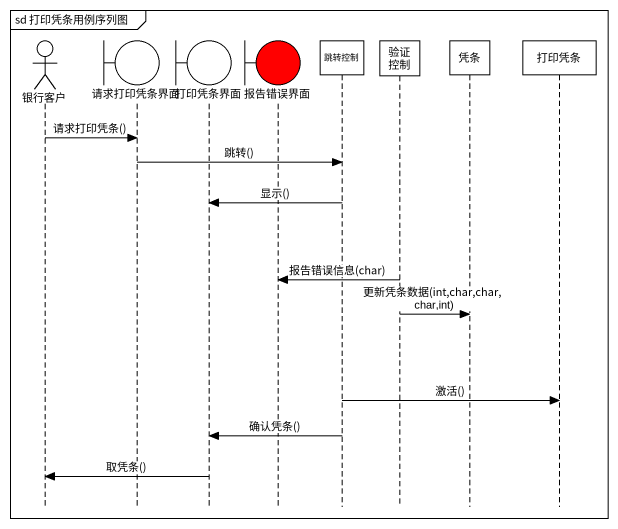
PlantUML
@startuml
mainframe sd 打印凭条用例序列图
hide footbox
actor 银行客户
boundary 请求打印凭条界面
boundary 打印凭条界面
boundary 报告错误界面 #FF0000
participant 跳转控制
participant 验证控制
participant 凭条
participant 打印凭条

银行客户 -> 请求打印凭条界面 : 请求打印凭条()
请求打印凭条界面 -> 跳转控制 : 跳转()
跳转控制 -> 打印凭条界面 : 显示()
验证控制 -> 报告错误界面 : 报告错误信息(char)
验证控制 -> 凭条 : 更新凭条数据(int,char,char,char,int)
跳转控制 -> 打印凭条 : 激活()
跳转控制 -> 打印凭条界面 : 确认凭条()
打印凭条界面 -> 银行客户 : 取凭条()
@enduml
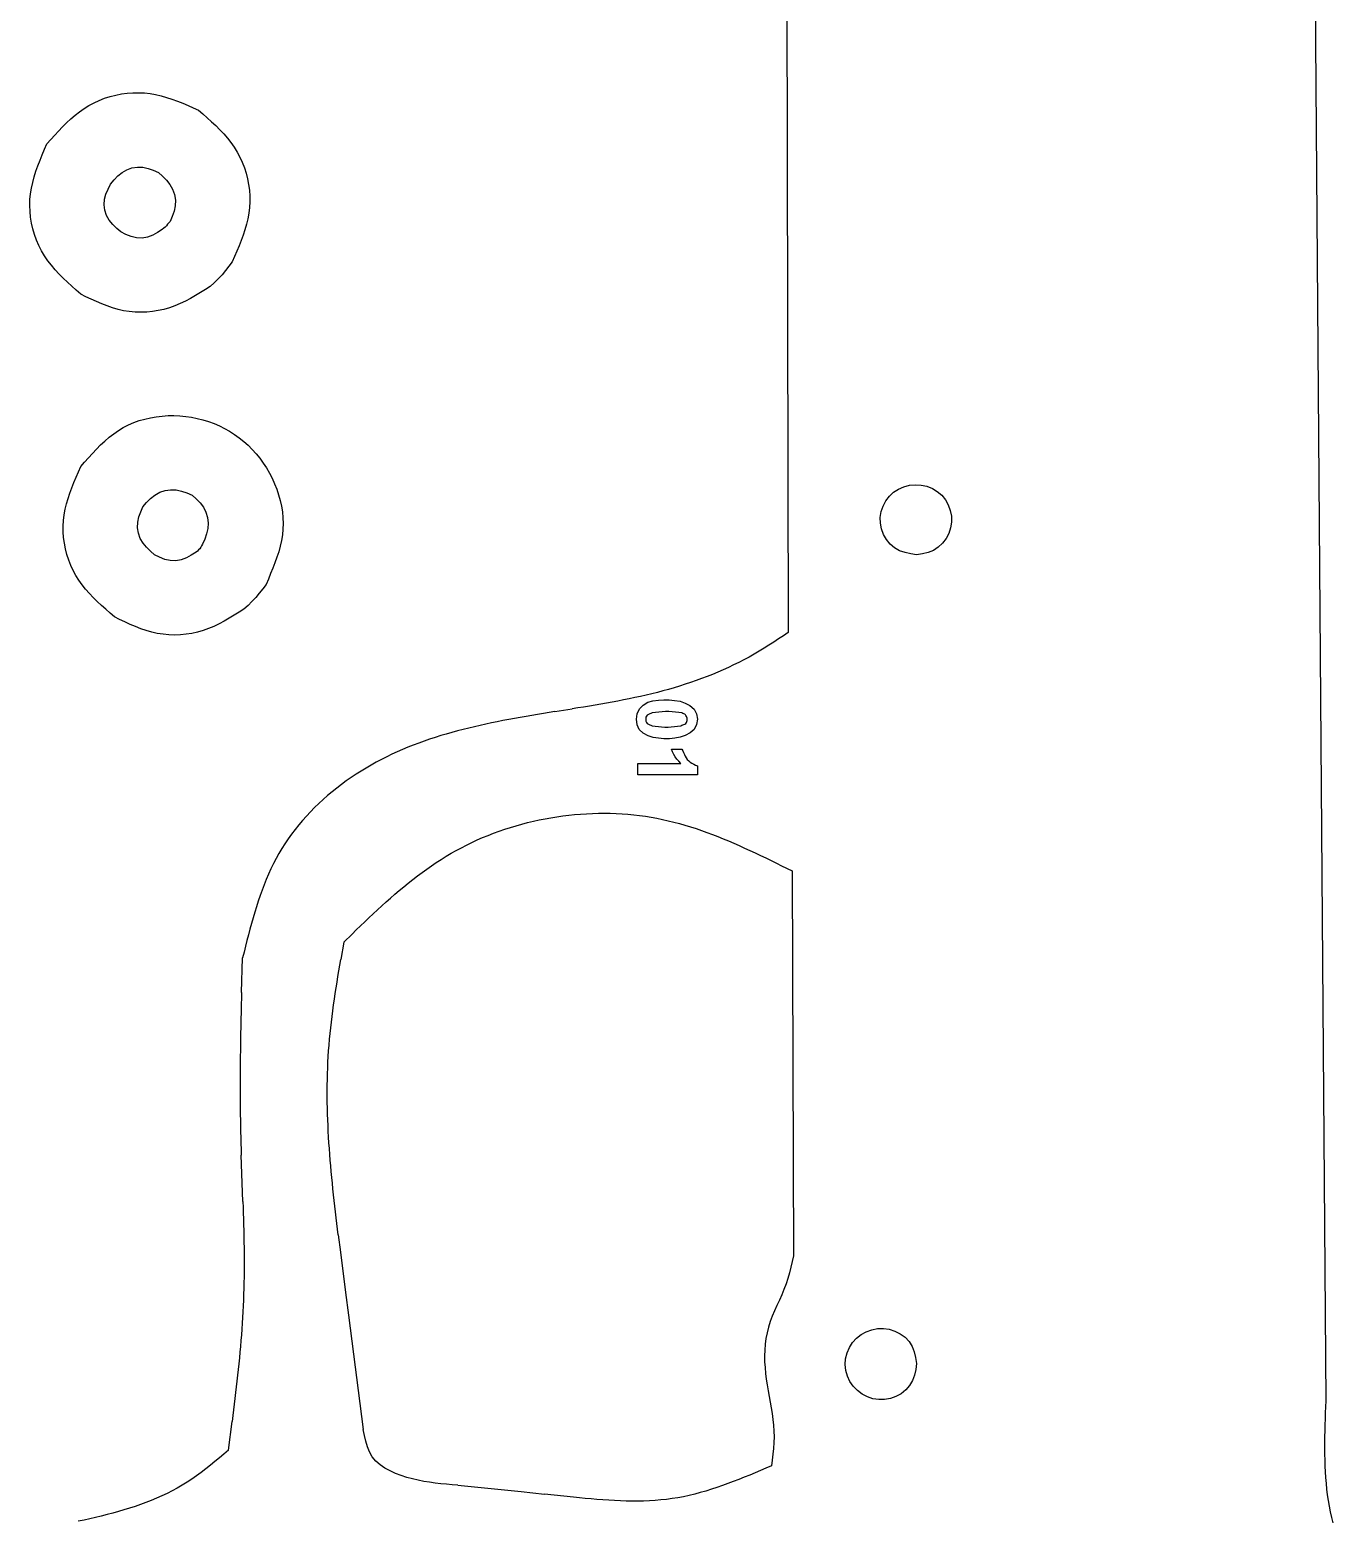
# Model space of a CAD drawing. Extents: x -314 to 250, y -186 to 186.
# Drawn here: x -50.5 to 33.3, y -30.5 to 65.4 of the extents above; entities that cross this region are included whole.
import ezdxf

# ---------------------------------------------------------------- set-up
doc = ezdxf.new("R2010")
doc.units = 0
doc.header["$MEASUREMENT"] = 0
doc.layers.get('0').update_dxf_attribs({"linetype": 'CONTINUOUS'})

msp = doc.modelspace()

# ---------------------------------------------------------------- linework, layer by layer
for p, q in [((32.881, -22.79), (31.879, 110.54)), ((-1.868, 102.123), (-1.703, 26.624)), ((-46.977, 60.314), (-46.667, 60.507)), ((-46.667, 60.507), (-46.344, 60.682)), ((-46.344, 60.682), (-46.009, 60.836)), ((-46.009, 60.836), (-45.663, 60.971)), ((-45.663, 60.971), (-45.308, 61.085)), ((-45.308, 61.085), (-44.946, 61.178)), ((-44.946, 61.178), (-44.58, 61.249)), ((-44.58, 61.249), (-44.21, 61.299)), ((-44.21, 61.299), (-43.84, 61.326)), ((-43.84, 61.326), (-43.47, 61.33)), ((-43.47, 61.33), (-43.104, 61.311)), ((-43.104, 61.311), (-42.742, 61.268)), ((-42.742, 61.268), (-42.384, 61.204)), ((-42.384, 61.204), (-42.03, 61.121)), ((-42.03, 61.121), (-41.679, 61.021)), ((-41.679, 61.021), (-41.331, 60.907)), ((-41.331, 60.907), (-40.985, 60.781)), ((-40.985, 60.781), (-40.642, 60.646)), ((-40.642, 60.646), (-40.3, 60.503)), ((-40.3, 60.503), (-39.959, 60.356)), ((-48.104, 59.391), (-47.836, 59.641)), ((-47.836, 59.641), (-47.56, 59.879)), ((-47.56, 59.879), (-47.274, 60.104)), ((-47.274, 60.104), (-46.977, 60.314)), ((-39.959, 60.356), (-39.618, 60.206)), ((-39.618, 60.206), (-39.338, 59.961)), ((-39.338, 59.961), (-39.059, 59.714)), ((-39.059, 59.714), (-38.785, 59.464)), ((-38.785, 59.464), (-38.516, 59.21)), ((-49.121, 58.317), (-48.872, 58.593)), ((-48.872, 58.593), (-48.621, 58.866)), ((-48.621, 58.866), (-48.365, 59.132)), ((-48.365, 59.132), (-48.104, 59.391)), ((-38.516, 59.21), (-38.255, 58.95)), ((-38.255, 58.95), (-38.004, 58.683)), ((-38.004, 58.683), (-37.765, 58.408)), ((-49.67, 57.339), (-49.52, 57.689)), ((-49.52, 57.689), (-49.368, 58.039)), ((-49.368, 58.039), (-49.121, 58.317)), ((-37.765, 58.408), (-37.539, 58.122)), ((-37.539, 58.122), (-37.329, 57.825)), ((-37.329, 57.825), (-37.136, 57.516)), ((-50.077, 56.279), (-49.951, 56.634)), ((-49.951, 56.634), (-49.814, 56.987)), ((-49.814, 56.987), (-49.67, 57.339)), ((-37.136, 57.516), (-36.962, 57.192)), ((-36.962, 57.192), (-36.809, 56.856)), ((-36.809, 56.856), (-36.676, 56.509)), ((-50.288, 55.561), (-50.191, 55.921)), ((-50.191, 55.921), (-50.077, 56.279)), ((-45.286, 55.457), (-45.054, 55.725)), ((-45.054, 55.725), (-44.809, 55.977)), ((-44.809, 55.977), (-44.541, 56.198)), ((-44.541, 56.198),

▶ Work to complete:
Only the pictures are to be left out; the rest of the material above should be printed verbatim.

▶ Finished exercise:
PlantUML
@startuml
mainframe sd 打印凭条用例序列图
hide footbox
actor 银行客户
boundary 请求打印凭条界面
boundary 打印凭条界面
boundary 报告错误界面 #FF0000
participant 跳转控制
participant 验证控制
participant 凭条
participant 打印凭条

银行客户 -> 请求打印凭条界面 : 请求打印凭条()
请求打印凭条界面 -> 跳转控制 : 跳转()
跳转控制 -> 打印凭条界面 : 显示()
验证控制 -> 报告错误界面 : 报告错误信息(char)
验证控制 -> 凭条 : 更新凭条数据(int,char,char,char,int)
跳转控制 -> 打印凭条 : 激活()
跳转控制 -> 打印凭条界面 : 确认凭条()
打印凭条界面 -> 银行客户 : 取凭条()
@enduml
# Model space of a CAD drawing. Extents: x -314 to 250, y -186 to 186.
# Drawn here: x -50.5 to 33.3, y -30.5 to 65.4 of the extents above; entities that cross this region are included whole.
import ezdxf

# ---------------------------------------------------------------- set-up
doc = ezdxf.new("R2010")
doc.units = 0
doc.header["$MEASUREMENT"] = 0
doc.layers.get('0').update_dxf_attribs({"linetype": 'CONTINUOUS'})

msp = doc.modelspace()

# ---------------------------------------------------------------- linework, layer by layer
for p, q in [((32.881, -22.79), (31.879, 110.54)), ((-1.868, 102.123), (-1.703, 26.624)), ((-46.977, 60.314), (-46.667, 60.507)), ((-46.667, 60.507), (-46.344, 60.682)), ((-46.344, 60.682), (-46.009, 60.836)), ((-46.009, 60.836), (-45.663, 60.971)), ((-45.663, 60.971), (-45.308, 61.085)), ((-45.308, 61.085), (-44.946, 61.178)), ((-44.946, 61.178), (-44.58, 61.249)), ((-44.58, 61.249), (-44.21, 61.299)), ((-44.21, 61.299), (-43.84, 61.326)), ((-43.84, 61.326), (-43.47, 61.33)), ((-43.47, 61.33), (-43.104, 61.311)), ((-43.104, 61.311), (-42.742, 61.268)), ((-42.742, 61.268), (-42.384, 61.204)), ((-42.384, 61.204), (-42.03, 61.121)), ((-42.03, 61.121), (-41.679, 61.021)), ((-41.679, 61.021), (-41.331, 60.907)), ((-41.331, 60.907), (-40.985, 60.781)), ((-40.985, 60.781), (-40.642, 60.646)), ((-40.642, 60.646), (-40.3, 60.503)), ((-40.3, 60.503), (-39.959, 60.356)), ((-48.104, 59.391), (-47.836, 59.641)), ((-47.836, 59.641), (-47.56, 59.879)), ((-47.56, 59.879), (-47.274, 60.104)), ((-47.274, 60.104), (-46.977, 60.314)), ((-39.959, 60.356), (-39.618, 60.206)), ((-39.618, 60.206), (-39.338, 59.961)), ((-39.338, 59.961), (-39.059, 59.714)), ((-39.059, 59.714), (-38.785, 59.464)), ((-38.785, 59.464), (-38.516, 59.21)), ((-49.121, 58.317), (-48.872, 58.593)), ((-48.872, 58.593), (-48.621, 58.866)), ((-48.621, 58.866), (-48.365, 59.132)), ((-48.365, 59.132), (-48.104, 59.391)), ((-38.516, 59.21), (-38.255, 58.95)), ((-38.255, 58.95), (-38.004, 58.683)), ((-38.004, 58.683), (-37.765, 58.408)), ((-49.67, 57.339), (-49.52, 57.689)), ((-49.52, 57.689), (-49.368, 58.039)), ((-49.368, 58.039), (-49.121, 58.317)), ((-37.765, 58.408), (-37.539, 58.122)), ((-37.539, 58.122), (-37.329, 57.825)), ((-37.329, 57.825), (-37.136, 57.516)), ((-50.077, 56.279), (-49.951, 56.634)), ((-49.951, 56.634), (-49.814, 56.987)), ((-49.814, 56.987), (-49.67, 57.339)), ((-37.136, 57.516), (-36.962, 57.192)), ((-36.962, 57.192), (-36.809, 56.856)), ((-36.809, 56.856), (-36.676, 56.509)), ((-50.288, 55.561), (-50.191, 55.921)), ((-50.191, 55.921), (-50.077, 56.279)), ((-45.286, 55.457), (-45.054, 55.725)), ((-45.054, 55.725), (-44.809, 55.977)), ((-44.809, 55.977), (-44.541, 56.198)), ((-44.541, 56.198),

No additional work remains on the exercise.